§ Extracted entries:
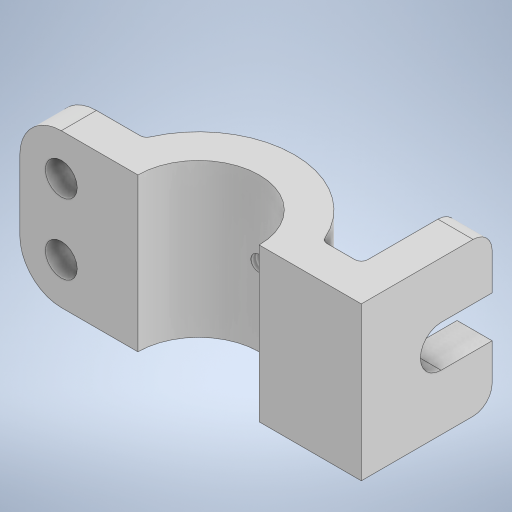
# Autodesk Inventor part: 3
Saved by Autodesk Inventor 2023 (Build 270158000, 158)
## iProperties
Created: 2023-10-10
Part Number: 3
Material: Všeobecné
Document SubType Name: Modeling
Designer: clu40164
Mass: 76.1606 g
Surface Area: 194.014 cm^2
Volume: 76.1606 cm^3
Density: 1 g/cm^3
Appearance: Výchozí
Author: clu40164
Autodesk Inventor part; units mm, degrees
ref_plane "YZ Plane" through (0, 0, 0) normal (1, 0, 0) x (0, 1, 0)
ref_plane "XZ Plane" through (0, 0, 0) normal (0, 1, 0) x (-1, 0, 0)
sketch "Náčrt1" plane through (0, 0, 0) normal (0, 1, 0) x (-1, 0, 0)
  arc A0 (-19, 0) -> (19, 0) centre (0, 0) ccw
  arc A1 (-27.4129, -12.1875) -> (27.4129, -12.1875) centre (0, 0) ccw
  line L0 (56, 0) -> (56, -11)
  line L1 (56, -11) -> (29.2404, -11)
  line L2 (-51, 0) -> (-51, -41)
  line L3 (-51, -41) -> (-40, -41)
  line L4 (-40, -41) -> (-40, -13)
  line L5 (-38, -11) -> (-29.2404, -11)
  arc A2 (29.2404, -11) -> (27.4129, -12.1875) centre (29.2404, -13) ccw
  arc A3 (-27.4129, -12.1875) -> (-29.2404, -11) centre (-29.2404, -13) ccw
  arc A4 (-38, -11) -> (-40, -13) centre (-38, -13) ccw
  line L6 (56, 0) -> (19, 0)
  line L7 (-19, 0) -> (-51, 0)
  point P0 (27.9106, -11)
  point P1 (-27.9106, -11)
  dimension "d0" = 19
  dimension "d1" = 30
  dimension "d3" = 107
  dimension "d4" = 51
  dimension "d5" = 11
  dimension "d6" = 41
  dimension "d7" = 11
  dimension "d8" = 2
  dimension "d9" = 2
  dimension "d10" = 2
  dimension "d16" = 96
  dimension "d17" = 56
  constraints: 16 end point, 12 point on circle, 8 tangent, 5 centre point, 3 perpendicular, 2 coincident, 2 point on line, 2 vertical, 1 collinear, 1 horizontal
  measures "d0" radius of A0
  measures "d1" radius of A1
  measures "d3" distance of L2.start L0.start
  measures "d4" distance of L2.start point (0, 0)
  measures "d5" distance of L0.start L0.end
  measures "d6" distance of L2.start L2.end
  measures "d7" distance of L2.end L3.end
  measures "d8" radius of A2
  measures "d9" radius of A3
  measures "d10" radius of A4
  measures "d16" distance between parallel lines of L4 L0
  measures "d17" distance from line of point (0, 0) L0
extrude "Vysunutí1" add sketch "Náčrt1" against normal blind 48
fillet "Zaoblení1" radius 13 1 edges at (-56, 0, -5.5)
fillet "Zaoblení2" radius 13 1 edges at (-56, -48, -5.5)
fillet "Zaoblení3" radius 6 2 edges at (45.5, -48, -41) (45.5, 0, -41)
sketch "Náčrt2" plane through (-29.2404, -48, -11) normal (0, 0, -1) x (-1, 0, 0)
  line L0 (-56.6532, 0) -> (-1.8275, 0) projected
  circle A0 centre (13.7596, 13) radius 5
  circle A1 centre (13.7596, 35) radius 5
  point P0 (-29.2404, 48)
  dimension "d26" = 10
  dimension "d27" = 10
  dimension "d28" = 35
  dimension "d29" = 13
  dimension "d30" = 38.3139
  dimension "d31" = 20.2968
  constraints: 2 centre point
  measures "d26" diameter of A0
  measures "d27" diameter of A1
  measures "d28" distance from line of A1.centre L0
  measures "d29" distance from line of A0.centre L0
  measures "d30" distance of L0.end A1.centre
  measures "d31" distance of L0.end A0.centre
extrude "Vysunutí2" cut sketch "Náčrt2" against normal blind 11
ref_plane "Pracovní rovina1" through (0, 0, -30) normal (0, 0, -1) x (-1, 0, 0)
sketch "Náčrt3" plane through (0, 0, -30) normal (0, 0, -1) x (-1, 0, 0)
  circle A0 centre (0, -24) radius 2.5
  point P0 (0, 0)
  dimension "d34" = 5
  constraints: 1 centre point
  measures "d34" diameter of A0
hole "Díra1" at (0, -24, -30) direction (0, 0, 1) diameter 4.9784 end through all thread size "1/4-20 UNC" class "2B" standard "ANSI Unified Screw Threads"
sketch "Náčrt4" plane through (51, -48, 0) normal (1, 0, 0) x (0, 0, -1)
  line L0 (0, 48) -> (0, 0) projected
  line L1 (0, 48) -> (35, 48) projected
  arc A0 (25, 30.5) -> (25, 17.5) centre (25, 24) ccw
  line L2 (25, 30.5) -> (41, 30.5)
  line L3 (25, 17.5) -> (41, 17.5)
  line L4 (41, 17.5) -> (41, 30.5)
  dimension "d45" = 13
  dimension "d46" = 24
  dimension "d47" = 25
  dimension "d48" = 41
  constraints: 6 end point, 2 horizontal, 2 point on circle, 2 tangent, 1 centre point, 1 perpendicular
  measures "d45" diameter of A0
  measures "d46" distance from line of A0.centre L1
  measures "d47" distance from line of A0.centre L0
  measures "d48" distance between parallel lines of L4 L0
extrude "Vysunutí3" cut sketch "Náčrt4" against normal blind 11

§ About this exercise:
Leave the pictures out and write out every entry exactly as given.

§ Solution:
# Autodesk Inventor part: 3
Saved by Autodesk Inventor 2023 (Build 270158000, 158)
## iProperties
Created: 2023-10-10
Part Number: 3
Material: Všeobecné
Document SubType Name: Modeling
Designer: clu40164
Mass: 76.1606 g
Surface Area: 194.014 cm^2
Volume: 76.1606 cm^3
Density: 1 g/cm^3
Appearance: Výchozí
Author: clu40164
Autodesk Inventor part; units mm, degrees
ref_plane "YZ Plane" through (0, 0, 0) normal (1, 0, 0) x (0, 1, 0)
ref_plane "XZ Plane" through (0, 0, 0) normal (0, 1, 0) x (-1, 0, 0)
sketch "Náčrt1" plane through (0, 0, 0) normal (0, 1, 0) x (-1, 0, 0)
  arc A0 (-19, 0) -> (19, 0) centre (0, 0) ccw
  arc A1 (-27.4129, -12.1875) -> (27.4129, -12.1875) centre (0, 0) ccw
  line L0 (56, 0) -> (56, -11)
  line L1 (56, -11) -> (29.2404, -11)
  line L2 (-51, 0) -> (-51, -41)
  line L3 (-51, -41) -> (-40, -41)
  line L4 (-40, -41) -> (-40, -13)
  line L5 (-38, -11) -> (-29.2404, -11)
  arc A2 (29.2404, -11) -> (27.4129, -12.1875) centre (29.2404, -13) ccw
  arc A3 (-27.4129, -12.1875) -> (-29.2404, -11) centre (-29.2404, -13) ccw
  arc A4 (-38, -11) -> (-40, -13) centre (-38, -13) ccw
  line L6 (56, 0) -> (19, 0)
  line L7 (-19, 0) -> (-51, 0)
  point P0 (27.9106, -11)
  point P1 (-27.9106, -11)
  dimension "d0" = 19
  dimension "d1" = 30
  dimension "d3" = 107
  dimension "d4" = 51
  dimension "d5" = 11
  dimension "d6" = 41
  dimension "d7" = 11
  dimension "d8" = 2
  dimension "d9" = 2
  dimension "d10" = 2
  dimension "d16" = 96
  dimension "d17" = 56
  constraints: 16 end point, 12 point on circle, 8 tangent, 5 centre point, 3 perpendicular, 2 coincident, 2 point on line, 2 vertical, 1 collinear, 1 horizontal
  measures "d0" radius of A0
  measures "d1" radius of A1
  measures "d3" distance of L2.start L0.start
  measures "d4" distance of L2.start point (0, 0)
  measures "d5" distance of L0.start L0.end
  measures "d6" distance of L2.start L2.end
  measures "d7" distance of L2.end L3.end
  measures "d8" radius of A2
  measures "d9" radius of A3
  measures "d10" radius of A4
  measures "d16" distance between parallel lines of L4 L0
  measures "d17" distance from line of point (0, 0) L0
extrude "Vysunutí1" add sketch "Náčrt1" against normal blind 48
fillet "Zaoblení1" radius 13 1 edges at (-56, 0, -5.5)
fillet "Zaoblení2" radius 13 1 edges at (-56, -48, -5.5)
fillet "Zaoblení3" radius 6 2 edges at (45.5, -48, -41) (45.5, 0, -41)
sketch "Náčrt2" plane through (-29.2404, -48, -11) normal (0, 0, -1) x (-1, 0, 0)
  line L0 (-56.6532, 0) -> (-1.8275, 0) projected
  circle A0 centre (13.7596, 13) radius 5
  circle A1 centre (13.7596, 35) radius 5
  point P0 (-29.2404, 48)
  dimension "d26" = 10
  dimension "d27" = 10
  dimension "d28" = 35
  dimension "d29" = 13
  dimension "d30" = 38.3139
  dimension "d31" = 20.2968
  constraints: 2 centre point
  measures "d26" diameter of A0
  measures "d27" diameter of A1
  measures "d28" distance from line of A1.centre L0
  measures "d29" distance from line of A0.centre L0
  measures "d30" distance of L0.end A1.centre
  measures "d31" distance of L0.end A0.centre
extrude "Vysunutí2" cut sketch "Náčrt2" against normal blind 11
ref_plane "Pracovní rovina1" through (0, 0, -30) normal (0, 0, -1) x (-1, 0, 0)
sketch "Náčrt3" plane through (0, 0, -30) normal (0, 0, -1) x (-1, 0, 0)
  circle A0 centre (0, -24) radius 2.5
  point P0 (0, 0)
  dimension "d34" = 5
  constraints: 1 centre point
  measures "d34" diameter of A0
hole "Díra1" at (0, -24, -30) direction (0, 0, 1) diameter 4.9784 end through all thread size "1/4-20 UNC" class "2B" standard "ANSI Unified Screw Threads"
sketch "Náčrt4" plane through (51, -48, 0) normal (1, 0, 0) x (0, 0, -1)
  line L0 (0, 48) -> (0, 0) projected
  line L1 (0, 48) -> (35, 48) projected
  arc A0 (25, 30.5) -> (25, 17.5) centre (25, 24) ccw
  line L2 (25, 30.5) -> (41, 30.5)
  line L3 (25, 17.5) -> (41, 17.5)
  line L4 (41, 17.5) -> (41, 30.5)
  dimension "d45" = 13
  dimension "d46" = 24
  dimension "d47" = 25
  dimension "d48" = 41
  constraints: 6 end point, 2 horizontal, 2 point on circle, 2 tangent, 1 centre point, 1 perpendicular
  measures "d45" diameter of A0
  measures "d46" distance from line of A0.centre L1
  measures "d47" distance from line of A0.centre L0
  measures "d48" distance between parallel lines of L4 L0
extrude "Vysunutí3" cut sketch "Náčrt4" against normal blind 11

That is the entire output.